(Stored items from a collection)

★ ★ ★ ★

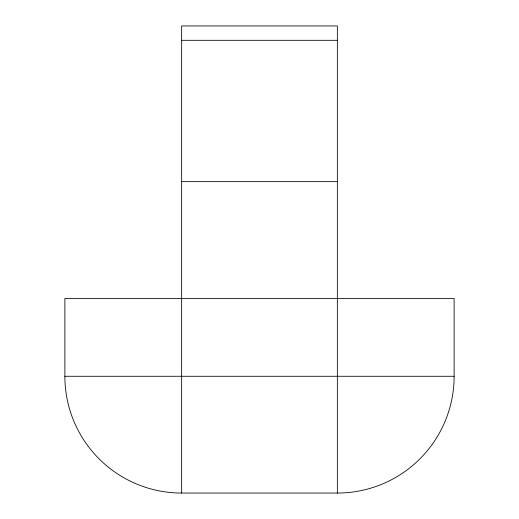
<?xml version="1.0" encoding="UTF-8"?>
<svg xmlns="http://www.w3.org/2000/svg" width="519" height="519" viewBox="0 0 519 519"><rect width="100%" height="100%" fill="white"/><g stroke="black" fill="none" stroke-linecap="round" stroke-linejoin="round"><path stroke-width="0.78" d="M181.65 40.307L337.35 40.307M181.65 181.65L337.35 181.65M64.875 376.275L454.125 376.275L454.125 298.425L64.875 298.425L64.875 376.275A116.775 116.775 0 0 0 181.65 493.05L337.35 493.05A116.775 116.775 0 0 0 454.125 376.275M337.35 493.05L337.35 25.95L181.65 25.95L181.65 493.05"/></g></svg>
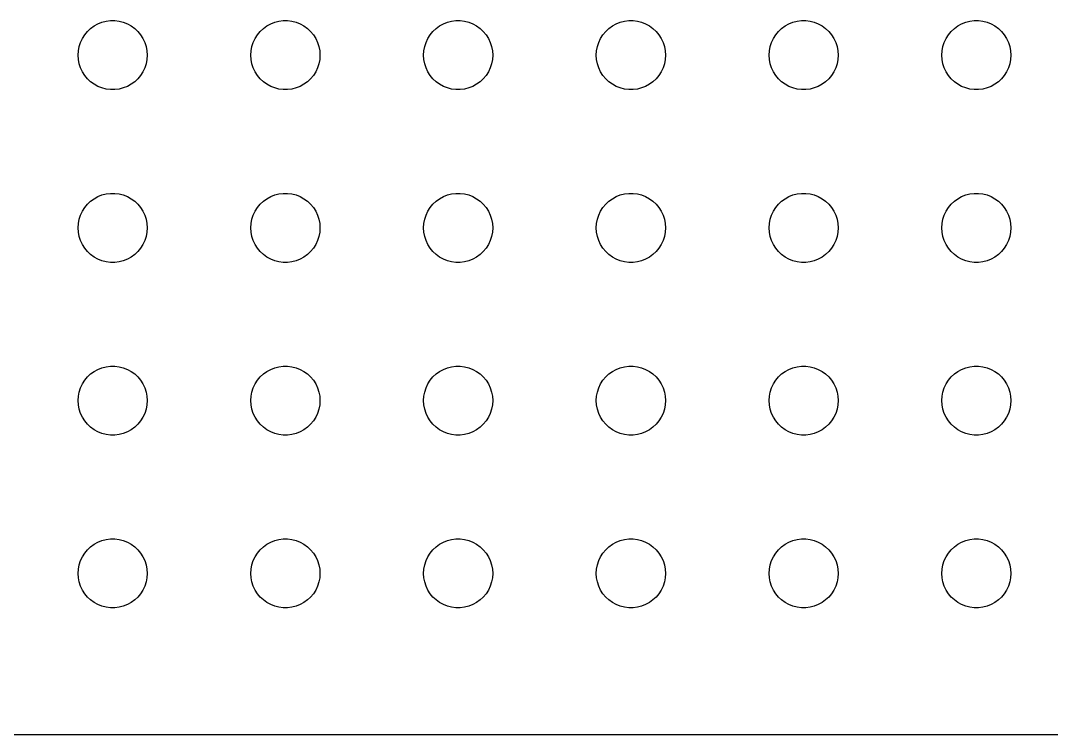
# Model space of a CAD drawing. Header units: metres. Extents: x -172 to 172, y -37 to 37.
# Drawn here: x 41 to 85.76, y -36.99 to -6 of the extents above; entities that cross this region are included whole.
import ezdxf

# ---------------------------------------------------------------- set-up
doc = ezdxf.new("R2010")
doc.units = ezdxf.units.M

msp = doc.modelspace()

# ---------------------------------------------------------------- linework, layer by layer
for p, q in [((44.0439, -6.34422), (44.1963, -6.23351)), ((44.1963, -6.23351), (44.3613, -6.14275)), ((44.3613, -6.14275), (44.5365, -6.07341)), ((44.5365, -6.07341), (44.7189, -6.02657)), ((44.7189, -6.02657), (44.9058, -6.00294)), ((44.9058, -6.00294), (45.0942, -6.00294)), ((45.0942, -6.00294), (45.2811, -6.02657)), ((45.2811, -6.02657), (45.4635, -6.07341)), ((45.4635, -6.07341), (45.6387, -6.14275)), ((45.6387, -6.14275), (45.8037, -6.23351)), ((45.8037, -6.23351), (45.9561, -6.34422)), ((51.5439, -6.34422), (51.6963, -6.23351)), ((51.6963, -6.23351), (51.8613, -6.14275)), ((51.8613, -6.14275), (52.0365, -6.07341)), ((52.0365, -6.07341), (52.2189, -6.02657)), ((52.2189, -6.02657), (52.4058, -6.00294)), ((52.4058, -6.00294), (52.5942, -6.00294)), ((52.5942, -6.00294), (52.7811, -6.02657)), ((52.7811, -6.02657), (52.9635, -6.07341)), ((52.9635, -6.07341), (53.1387, -6.14275)), ((53.1387, -6.14275), (53.3037, -6.23351)), ((53.3037, -6.23351), (53.4561, -6.34422)), ((59.0439, -6.34422), (59.1963, -6.23351)), ((59.1963, -6.23351), (59.3613, -6.14275)), ((59.3613, -6.14275), (59.5365, -6.07341)), ((59.5365, -6.07341), (59.7189, -6.02657)), ((59.7189, -6.02657), (59.9058, -6.00294)), ((59.9058, -6.00294), (60.0942, -6.00294)), ((60.0942, -6.00294), (60.2811, -6.02657)), ((60.2811, -6.02657), (60.4635, -6.07341)), ((60.4635, -6.07341), (60.6387, -6.14275)), ((60.6387, -6.14275), (60.8037, -6.23351)), ((60.8037, -6.23351), (60.9561, -6.34422)), ((66.5439, -6.34422), (66.6963, -6.23351)), ((66.6963, -6.23351), (66.8613, -6.14275)), ((66.8613, -6.14275), (67.0365, -6.07341)), ((67.0365, -6.07341), (67.2189, -6.02657)), ((67.2189, -6.02657), (67.4058, -6.00294)), ((67.4058, -6.00294), (67.5942, -6.00294)), ((67.5942, -6.00294), (67.7811, -6.02657)), ((67.7811, -6.02657), (67.9635, -6.07341)), ((67.9635, -6.07341), (68.1387, -6.14275)), ((68.1387, -6.14275), (68.3037, -6.23351)), ((68.3037, -6.23351), (68.4561, -6.34422)), ((74.0439, -6.34422), (74.1963, -6.23351)), ((74.1963, -6.23351), (74.3613, -6.14275)), ((74.3613, -6.14275), (74.5365, -6.07341)), ((74.5365, -6.07341), (74.7189, -6.02657)), ((74.7189, -6.02657), (74.9058, -6.00294)), ((74.9058, -6.00294), (75.0942, -6.00294)), ((75.0942, -6.00294), (75.2811, -6.02657)), ((75.2811, -6.02657), (75.4635, -6.07341)), ((75.4635, -6.07341), (75.6387, -6.14275)), ((75.6387, -6.14275), (75.8037, -6.23351)), ((75.8037, -6.23351), (75.9561, -6.34422)), ((81.5439, -6.34422), (81.6963, -6.23351)), ((81.6963, -6.23351), (81.8613, -6.14275)), ((81.8613, -6.14275), (82.0365, -6.07341)), ((82.0365, -6.07341), (82.2189, -6.02657)), ((82.2189, -6.02657), (82.4058, -6.00294)), ((82.4058, -6.00294), (82.5942, -6.00294)), ((82.5942, -6.00294), (82.7811, -6.02657)), ((82.7811, -6.02657), (82.9635, -6.07341)), ((82.9635, -6.07341), (83.1387, -6.14275)), ((83.1387, -6.14275), (83.3037, -6.23351)), ((83.3037, -6.23351), (83.4561, -6.34422)), ((43.6855, -6.77736), (43.7865, -6.61832)), ((43.7865, -6.61832), (43.9065, -6.47318)), ((43.9065, -6.47318), (44.0439, -6.34422)), ((45.9561, -6.34422), (46.0934, -6.47318)), ((46.0934, -6.47318), (46.2135, -6.61832)), ((46.2135, -6.61832), (46.3145, -6.77736)), ((51.1855, -6.77736), (51.2865, -6.61832)), ((51.2865, -6.61832), (51.4065, -6.47318)), ((51.4065, -6.47318), (51.5439, -6.34422)), ((53.4561, -6.34422), (53.5934, -6.47318)), ((53.5934, -6.47318), (53.7135, -6.61832)), ((53.7135, -6.61832), (53.8145, -6.77736)), ((58.6855, -6.77736), (58.7865, -6.61832)), ((58.7865, -6.61832), (58.9065, -6.47318)), ((58.9065, -6.47318), (59.0439, -6.34422)), ((60.9561, -6.34422), (61.0934, -6.47318)), ((61.0934, -6.47318), (61.2135, -6.61832)), ((61.2135, -6.61832), (61.3145, -6.77736)), ((66.1855, -6.77736), (66.2865, -6.61832)), ((66.2865, -6.61832), (66.4065, -6.47318)), ((66.4065, -6.47318), (66.5439, -6.34422)), ((68.4561, -6.34422), (68.5934, -6.47318)), ((68.5934, -6.47318), (68.7135, -6.61832)), ((68.7135, -6.61832), (68.8145, -6.77736)), ((73.6855, -6.77736), (73.7865, -6.61832)), ((73.7865, -6.61832), (73.9065, -6.47318)), ((73.9065, -6.47318), (74.0439, -6.34422)), ((75.9561, -6.34422), (76.0934, -6.47318)), ((76.0934, -6.47318), (76.2135, -6.61832)), ((76.2135, -6.61832), (76.3145, -6.77736)), ((81.1855, -6.77736), (81.2865, -6.61832)), ((81.2865, -6.61832), (81.4065, -6.47318)), ((81.4065, -6.47318), (81.5439, -6.34422)), ((83.4561, -6.34422), (83.5934, -6.47318)), ((83.5934, -6.47318), (83.7135, -6.61832)), ((83.7135, -6.61832), (83.8145, -6.77736)), ((43.5118, -7.312), (43.5471, -7.12695)), ((43.5471, -7.12695), (43.6053, -6.9478)), ((43.6053, -6.9478), (43.6855, -6.77736)), ((46.3145, -6.77736), (46.3947, -6.9478)), ((46.3947, -6.9478), (46.4529, -7.12695)), ((46.4529, -7.12695), (46.4882, -7.312)), ((51.0118, -7.312), (51.0471, -7.12695)), ((51.0471, -7.12695), (51.1053, -6.9478)), ((51.1053, -6.9478), (51.1855, -6.77736)), ((53.8145, -6.77736), (53.8947, -6.9478)), ((53.8947, -6.9478), (53.9529, -7.12695)), ((53.9529, -7.12695), (53.9882, -7.312)), ((58.5118, -7.312), (58.5471, -7.12695)), ((58.5471, -7.12695), (58.6053, -6.9478)), ((58.6053, -6.9478), (58.6855, -6.77736)), ((61.3145, -6.77736), (61.3947, -6.9478)), ((61.3947, -6.9478), (61.4529, -7.12695)), ((61.4529, -7.12695), (61.4882, -7.312)), ((66.0118, -7.312), (66.0471, -7.12695)), ((66.0471, -7.12695), (66.1053, -6.9478)), ((66.1053, -6.9478), (66.1855, -6.77736)), ((68.8145, -6.77736), (68.8947, -6.9478)), ((68.8947, -6.9478), (68.9529, -7.12695)), ((68.9529, -7.12695), (68.9882, -7.312)), ((73.5118, -7.312), (73.5471, -7.12695)), ((73.5471, -7.12695), (73.6053, -6.9478)), ((73.6053, -6.9478), (73.6855, -6.77736)), ((76.3145, -6.77736), (76.3947, -6.9478)), ((76.3947, -6.9478), (76.4529, -7.12695)), ((76.4529, -7.12695), (76.4882, -7.312)), ((81.0118, -7.312), (81.0471, -7.12695)), ((81.0471, -7.12695), (81.1053, -6.9478)), ((81.1053, -6.9478), (81.1855, -6.77736)), ((83.8145, -6.77736), (83.8947, -6.9478)), ((83.8947, -6.9478), (83.9529, -7.12695)), ((83.9529, -7.12695), (83.9882, -7.312)), ((43.5, -7.5), (43.5118, -7.312)), ((43.5118, -7.68799), (43.5, -7.5)), ((46.4882, -7.312), (46.5, -7.5)), ((46.5, -7.5), (46.4882, -7.68799)), ((51, -7.5), (51.0118, -7.312)), ((51.0118, -7.68799), (51, -7.5)), ((53.9882, -7.312), (54, -7.5)), ((54, -7.5), (53.9882, -7.68799)), ((58.5, -7.5), (58.5118, -7.312)), ((58.5118, -7.68799), (58.5, -7.5)), ((61.4882, -7.312), (61.5, -7.5)), ((61.5, -7.5), (61.4882, -7.68799)), ((66, -7.5), (66.0118, -7.312)), ((66.0118, -7.68799), (66, -7.5)), ((68.9882, -7.312), (69, -7.5)), ((69, -7.5), (68.9882, -7.68799)), ((73.5, -7.5), (73.5118, -7.312)), ((73.5118, -7.68799), (73.5, -7.5)), ((76.4882, -7.312), (76.5, -7.5)), ((76.5, -7.5), (76.4882, -7.68799)), ((81, -7.5), (81.0118, -7.312)), ((81.0118, -7.68799), (81, -7.5)), ((83.9882, -7.312), (84, -7.5)), ((84, -7.5), (83.9882, -7.68799)), ((43.5471, -7.87303), (43.5118, -7.68799)), ((43.6053, -8.05219), (43.5471, -7.87303)), ((43.6855, -8.22263), (43.6053, -8.05219)), ((46.3947, -8.05219), (46.3145, -8.22263)), ((46.4529, -7.87303), (46.3947, -8.05219)), ((46.4882, -7.68799), (46.4529, -7.87303)), ((51.0471, -7.87303), (51.0118, -7.68799)), ((51.1053, -8.05219), (51.0471, -7.87303)), ((51.1855, -8.22263), (51.1053, -8.05219)), ((53.8947, -8.05219), (53.8145, -8.22263)), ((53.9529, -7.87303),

★ ★ ★ ★

▶ **Task details**:
Show me all lines in the records that contain "units".

▶ **Solved exercise**:
# Model space of a CAD drawing. Header units: metres. Extents: x -172 to 172, y -37 to 37.
doc.units = ezdxf.units.M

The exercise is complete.